Warga Keluhkan Pemotongan Biaya Kebersihan PDAM Tanpa Sosialisasi, DPRD Bontang: Harusnya Ada Komunikasi yang Jelas
LATESTBONTANG – Sejumlah warga Bontang mengeluhkan pemotongan biaya kebersihan yang dilakukan oleh Perusahaan Daerah Air Minum (PDAM) tanpa adanya sosialisasi terlebih dahulu. Potongan biaya kebersihan ini dinilai mendadak dan mengundang kebingungan di tengah masyarakat, terutama karena sebelumnya warga sudah membayar iuran kebersihan kepada ketua RT setempat.
“Saya merasa seperti dirampok karena tiba-tiba ada potongan kebersihan dari PDAM tanpa pemberitahuan apa pun. Padahal, kami sudah bayar iuran kebersihan ke RT,” ujar salah seorang warga yang enggan disebutkan namanya.
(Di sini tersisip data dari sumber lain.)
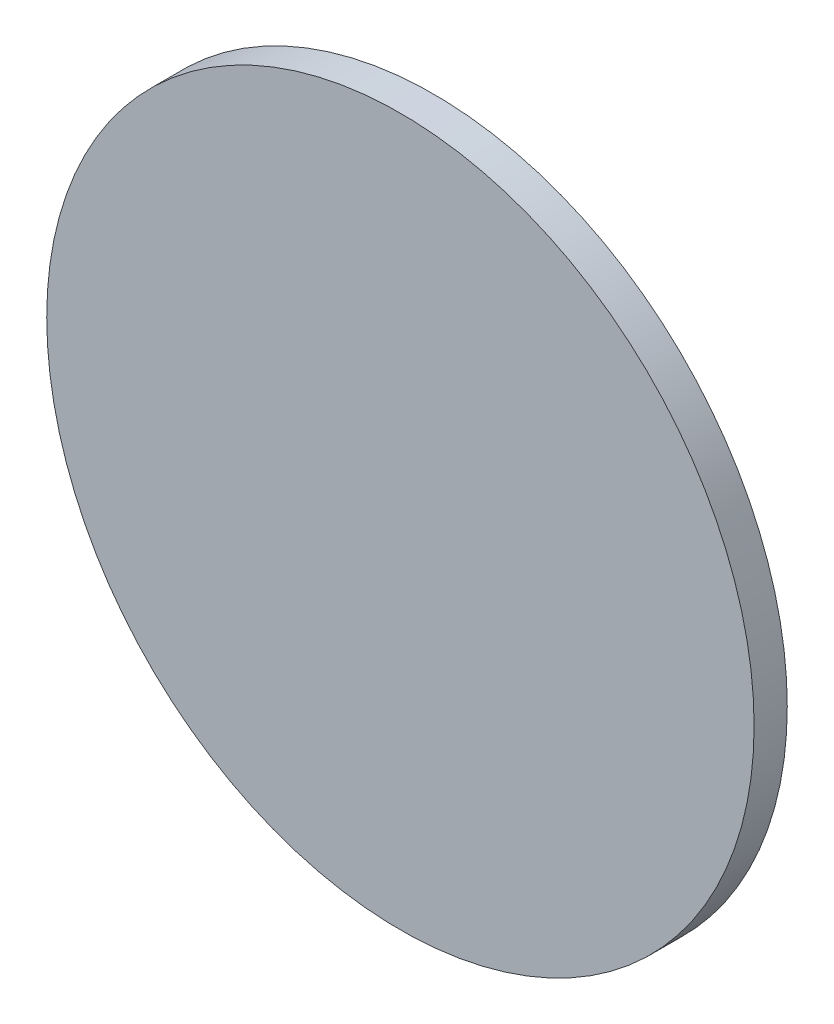
ISO-10303-21;
HEADER;
FILE_DESCRIPTION(('STEP AP214'),'2;1');
FILE_NAME('part.step','',(''),(''),'','','');
FILE_SCHEMA(('AUTOMOTIVE_DESIGN { 1 0 10303 214 1 1 1 1 }'));
ENDSEC;
DATA;
#1=APPLICATION_CONTEXT('core data for automotive mechanical design processes');
#2=APPLICATION_PROTOCOL_DEFINITION('international standard','automotive_design',2000,#1);
#3=PRODUCT_CONTEXT('',#1,'mechanical');
#4=PRODUCT('Part','Part','',(#3));
#5=PRODUCT_RELATED_PRODUCT_CATEGORY('part','',(#4));
#6=PRODUCT_DEFINITION_FORMATION('','',#4);
#7=PRODUCT_DEFINITION_CONTEXT('part definition',#1,'design');
#8=PRODUCT_DEFINITION('design','',#6,#7);
#9=PRODUCT_DEFINITION_SHAPE('','',#8);
#10=(LENGTH_UNIT() NAMED_UNIT(*) SI_UNIT(.MILLI.,.METRE.));
#11=(NAMED_UNIT(*) PLANE_ANGLE_UNIT() SI_UNIT($,.RADIAN.));
#12=(NAMED_UNIT(*) SI_UNIT($,.STERADIAN.) SOLID_ANGLE_UNIT());
#13=UNCERTAINTY_MEASURE_WITH_UNIT(LENGTH_MEASURE(1.E-05),#10,'distance_accuracy_value','');
#14=(GEOMETRIC_REPRESENTATION_CONTEXT(3) GLOBAL_UNCERTAINTY_ASSIGNED_CONTEXT((#13)) GLOBAL_UNIT_ASSIGNED_CONTEXT((#10,
#11,#12)) REPRESENTATION_CONTEXT('',''));
#15=CARTESIAN_POINT('',(0.,0.,0.));
#16=DIRECTION('',(0.,0.,1.));
#17=DIRECTION('',(1.,0.,0.));
#18=AXIS2_PLACEMENT_3D('',#15,#16,#17);
#19=CARTESIAN_POINT('',(0.,0.,1.5));
#20=DIRECTION('',(0.,0.,-1.));
#21=DIRECTION('',(-1.,0.,0.));
#22=AXIS2_PLACEMENT_3D('',#19,#20,#21);
#23=CYLINDRICAL_SURFACE('',#22,16.);
#24=CARTESIAN_POINT('',(0.,0.,1.5));
#25=DIRECTION('',(0.,0.,1.));
#26=DIRECTION('',(1.,0.,0.));
#27=AXIS2_PLACEMENT_3D('',#24,#25,#26);
#28=CIRCLE('',#27,16.);
#29=CARTESIAN_POINT('',(16.,0.,1.5));
#30=VERTEX_POINT('',#29);
#31=EDGE_CURVE('E10',#30,#30,#28,.T.);
#32=ORIENTED_EDGE('',*,*,#31,.F.);
#33=EDGE_LOOP('',(#32));
#34=FACE_BOUND('',#33,.T.);
#35=CARTESIAN_POINT('',(0.,0.,0.));
#36=DIRECTION('',(0.,0.,1.));
#37=DIRECTION('',(1.,0.,0.));
#38=AXIS2_PLACEMENT_3D('',#35,#36,#37);
#39=CIRCLE('',#38,16.);
#40=CARTESIAN_POINT('',(16.,0.,0.));
#41=VERTEX_POINT('',#40);
#42=EDGE_CURVE('E38',#41,#41,#39,.T.);
#43=ORIENTED_EDGE('',*,*,#42,.T.);
#44=EDGE_LOOP('',(#43));
#45=FACE_BOUND('',#44,.T.);
#46=ADVANCED_FACE('F35',(#34,#45),#23,.T.);
#47=CARTESIAN_POINT('',(0.,0.,1.5));
#48=DIRECTION('',(0.,0.,1.));
#49=DIRECTION('',(1.,0.,0.));
#50=AXIS2_PLACEMENT_3D('',#47,#48,#49);
#51=PLANE('',#50);
#52=ORIENTED_EDGE('',*,*,#31,.T.);
#53=EDGE_LOOP('',(#52));
#54=FACE_BOUND('',#53,.T.);
#55=ADVANCED_FACE('F50',(#54),#51,.T.);
#56=CARTESIAN_POINT('',(0.,0.,0.));
#57=DIRECTION('',(0.,0.,1.));
#58=DIRECTION('',(1.,0.,0.));
#59=AXIS2_PLACEMENT_3D('',#56,#57,#58);
#60=PLANE('',#59);
#61=ORIENTED_EDGE('',*,*,#42,.F.);
#62=EDGE_LOOP('',(#61));
#63=FACE_BOUND('',#62,.T.);
#64=ADVANCED_FACE('F48',(#63),#60,.F.);
#65=CLOSED_SHELL('',(#46,#55,#64));
#66=MANIFOLD_SOLID_BREP('B2',#65);
#67=ADVANCED_BREP_SHAPE_REPRESENTATION('',(#18,#66),#14);
#68=SHAPE_DEFINITION_REPRESENTATION(#9,#67);
ENDSEC;
END-ISO-10303-21;
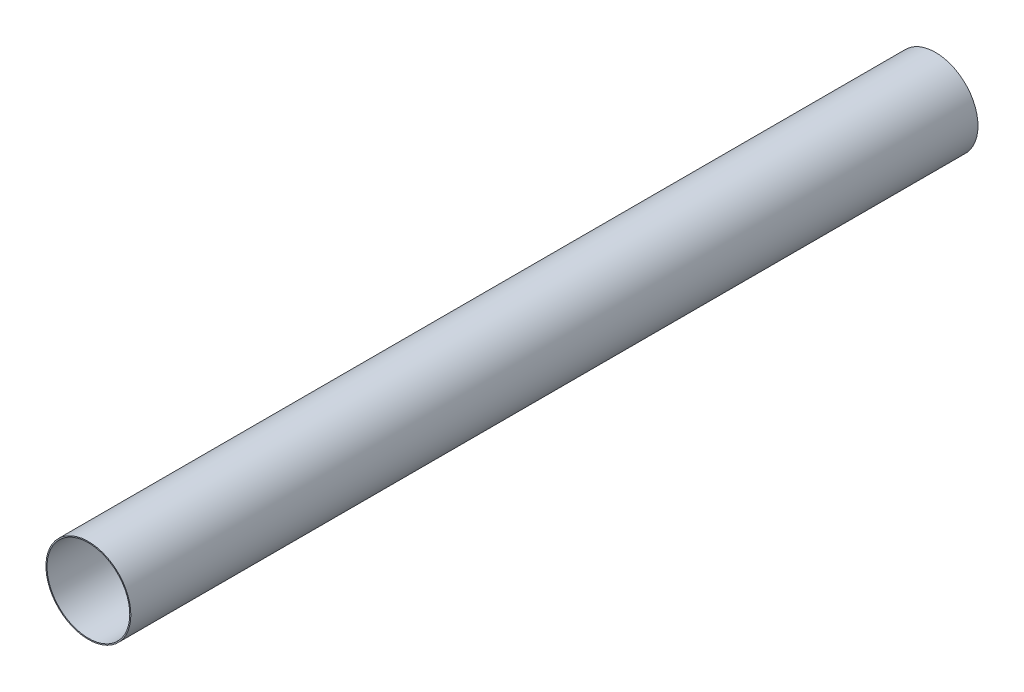
ISO-10303-21;
HEADER;
FILE_DESCRIPTION(('STEP AP214'),'2;1');
FILE_NAME('part.step','',(''),(''),'','','');
FILE_SCHEMA(('AUTOMOTIVE_DESIGN { 1 0 10303 214 1 1 1 1 }'));
ENDSEC;
DATA;
#1=APPLICATION_CONTEXT('core data for automotive mechanical design processes');
#2=APPLICATION_PROTOCOL_DEFINITION('international standard','automotive_design',2000,#1);
#3=PRODUCT_CONTEXT('',#1,'mechanical');
#4=PRODUCT('Part','Part','',(#3));
#5=PRODUCT_RELATED_PRODUCT_CATEGORY('part','',(#4));
#6=PRODUCT_DEFINITION_FORMATION('','',#4);
#7=PRODUCT_DEFINITION_CONTEXT('part definition',#1,'design');
#8=PRODUCT_DEFINITION('design','',#6,#7);
#9=PRODUCT_DEFINITION_SHAPE('','',#8);
#10=(LENGTH_UNIT() NAMED_UNIT(*) SI_UNIT(.MILLI.,.METRE.));
#11=(NAMED_UNIT(*) PLANE_ANGLE_UNIT() SI_UNIT($,.RADIAN.));
#12=(NAMED_UNIT(*) SI_UNIT($,.STERADIAN.) SOLID_ANGLE_UNIT());
#13=UNCERTAINTY_MEASURE_WITH_UNIT(LENGTH_MEASURE(1.E-05),#10,'distance_accuracy_value','');
#14=(GEOMETRIC_REPRESENTATION_CONTEXT(3) GLOBAL_UNCERTAINTY_ASSIGNED_CONTEXT((#13)) GLOBAL_UNIT_ASSIGNED_CONTEXT((#10,
#11,#12)) REPRESENTATION_CONTEXT('',''));
#15=CARTESIAN_POINT('',(0.,0.,0.));
#16=DIRECTION('',(0.,0.,1.));
#17=DIRECTION('',(1.,0.,0.));
#18=AXIS2_PLACEMENT_3D('',#15,#16,#17);
#19=CARTESIAN_POINT('',(0.,0.,1560.));
#20=DIRECTION('',(0.,0.,1.));
#21=DIRECTION('',(1.,0.,0.));
#22=AXIS2_PLACEMENT_3D('',#19,#20,#21);
#23=PLANE('',#22);
#24=CARTESIAN_POINT('',(0.,0.,1560.));
#25=DIRECTION('',(0.,0.,1.));
#26=DIRECTION('',(1.,0.,0.));
#27=AXIS2_PLACEMENT_3D('',#24,#25,#26);
#28=CIRCLE('',#27,78.2);
#29=CARTESIAN_POINT('',(78.2,0.,1560.));
#30=VERTEX_POINT('',#29);
#31=EDGE_CURVE('E10',#30,#30,#28,.T.);
#32=ORIENTED_EDGE('',*,*,#31,.T.);
#33=EDGE_LOOP('',(#32));
#34=FACE_BOUND('',#33,.T.);
#35=CARTESIAN_POINT('',(0.,0.,1560.));
#36=DIRECTION('',(0.,0.,1.));
#37=DIRECTION('',(1.,0.,0.));
#38=AXIS2_PLACEMENT_3D('',#35,#36,#37);
#39=CIRCLE('',#38,76.2);
#40=CARTESIAN_POINT('',(76.2,0.,1560.));
#41=VERTEX_POINT('',#40);
#42=EDGE_CURVE('E50',#41,#41,#39,.T.);
#43=ORIENTED_EDGE('',*,*,#42,.F.);
#44=EDGE_LOOP('',(#43));
#45=FACE_BOUND('',#44,.T.);
#46=ADVANCED_FACE('F37',(#34,#45),#23,.T.);
#47=CARTESIAN_POINT('',(0.,0.,0.));
#48=DIRECTION('',(0.,0.,1.));
#49=DIRECTION('',(1.,0.,0.));
#50=AXIS2_PLACEMENT_3D('',#47,#48,#49);
#51=PLANE('',#50);
#52=CARTESIAN_POINT('',(0.,0.,0.));
#53=DIRECTION('',(0.,0.,1.));
#54=DIRECTION('',(1.,0.,0.));
#55=AXIS2_PLACEMENT_3D('',#52,#53,#54);
#56=CIRCLE('',#55,78.2);
#57=CARTESIAN_POINT('',(78.2,0.,0.));
#58=VERTEX_POINT('',#57);
#59=EDGE_CURVE('E41',#58,#58,#56,.T.);
#60=ORIENTED_EDGE('',*,*,#59,.F.);
#61=EDGE_LOOP('',(#60));
#62=FACE_BOUND('',#61,.T.);
#63=CARTESIAN_POINT('',(0.,0.,0.));
#64=DIRECTION('',(0.,0.,1.));
#65=DIRECTION('',(1.,0.,0.));
#66=AXIS2_PLACEMENT_3D('',#63,#64,#65);
#67=CIRCLE('',#66,76.2);
#68=CARTESIAN_POINT('',(76.2,0.,0.));
#69=VERTEX_POINT('',#68);
#70=EDGE_CURVE('E52',#69,#69,#67,.T.);
#71=ORIENTED_EDGE('',*,*,#70,.T.);
#72=EDGE_LOOP('',(#71));
#73=FACE_BOUND('',#72,.T.);
#74=ADVANCED_FACE('F64',(#62,#73),#51,.F.);
#75=CARTESIAN_POINT('',(0.,0.,1560.));
#76=DIRECTION('',(0.,0.,-1.));
#77=DIRECTION('',(-1.,0.,0.));
#78=AXIS2_PLACEMENT_3D('',#75,#76,#77);
#79=CYLINDRICAL_SURFACE('',#78,78.2);
#80=ORIENTED_EDGE('',*,*,#31,.F.);
#81=EDGE_LOOP('',(#80));
#82=FACE_BOUND('',#81,.T.);
#83=ORIENTED_EDGE('',*,*,#59,.T.);
#84=EDGE_LOOP('',(#83));
#85=FACE_BOUND('',#84,.T.);
#86=ADVANCED_FACE('F39',(#82,#85),#79,.T.);
#87=CARTESIAN_POINT('',(0.,0.,1560.));
#88=DIRECTION('',(0.,0.,-1.));
#89=DIRECTION('',(-1.,0.,0.));
#90=AXIS2_PLACEMENT_3D('',#87,#88,#89);
#91=CYLINDRICAL_SURFACE('',#90,76.2);
#92=ORIENTED_EDGE('',*,*,#42,.T.);
#93=EDGE_LOOP('',(#92));
#94=FACE_BOUND('',#93,.T.);
#95=ORIENTED_EDGE('',*,*,#70,.F.);
#96=EDGE_LOOP('',(#95));
#97=FACE_BOUND('',#96,.T.);
#98=ADVANCED_FACE('F60',(#94,#97),#91,.F.);
#99=CLOSED_SHELL('',(#46,#74,#86,#98));
#100=MANIFOLD_SOLID_BREP('B2',#99);
#101=ADVANCED_BREP_SHAPE_REPRESENTATION('',(#18,#100),#14);
#102=SHAPE_DEFINITION_REPRESENTATION(#9,#101);
ENDSEC;
END-ISO-10303-21;

Anggota DPRD Bontang, Muhammad Yusuf, juga menyoroti hal ini dan menilai PDAM seharusnya melakukan sosialisasi yang lebih jelas kepada masyarakat terkait penarikan biaya kebersihan ini. Menurutnya, kemungkinan pemotongan ini sudah lama diterapkan, namun baru sekarang muncul keluhan lantaran pelayanan kebersihan yang tidak konsisten.
“Mungkin pemotongan ini sudah berjalan lama, tapi sekarang masyarakat jadi kesal karena sampah tidak diambil rutin. Sampah menumpuk dan warga terpaksa menaruhnya di pinggir jalan,” kata dia saat dikonfirmasi, Senin (28/10/2024).
Menurutnya, saat ini beberapa warga bahkan lebih memilih membayar iuran langsung kepada petugas kebersihan tiga roda yang dikoordinasi oleh RT. Sistem tersebut dinilai lebih efektif karena sampah mereka langsung diambil secara teratur. Namun, ia juga mempertanyakan kejelasan retribusi yang ditagihkan PDAM jika kebersihan daerah tetap tidak terurus.
“Banyak warga sudah setor ke RT yang kemudian disalurkan ke petugas kebersihan tiga roda, dan ini lebih efektif. Tapi, kalau ada iuran ke PDAM, harusnya sampah tetap terurus,” jelasnya.
Selain itu, Yusuf juga menyinggung soal pencapaian Bontang yang pernah meraih penghargaan Adipura tingkat Asia. Ia mengaku prihatin karena saat ini masih banyak sampah yang tidak terangkut, yang menurutnya mencerminkan perubahan pola pengelolaan sampah oleh pemerintah.
Jika sebelumnya Dinas Lingkungan Hidup (DLH) turun langsung, kini masyarakat diharapkan lebih mandiri dalam pengelolaan sampah.
“Pengelolaan sampah dulu diambil langsung oleh DLH, tapi sekarang berubah, masyarakat disuruh lebih mandiri. Pola ini sebenarnya baik, tapi seharusnya disertai sosialisasi yang cukup agar warga tidak bingung,” ucapnya.
Yusuf juga menyarankan agar pemerintah mempertimbangkan opsi pengelolaan sampah antara pembiayaan oleh masyarakat atau subsidi dari pemerintah, atau kombinasi keduanya. Ia berharap ke depannya ada pembahasan khusus mengenai penanganan sampah agar masalah ini bisa terselesaikan dengan baik.
“Mungkin sebaiknya ada dua opsi, bisa ditanggung pemerintah atau partisipasi masyarakat seperti yang berjalan sekarang. Yang penting sampah diambil tepat waktu dan tidak mengundang keluhan dari warga,” tutup Yusuf.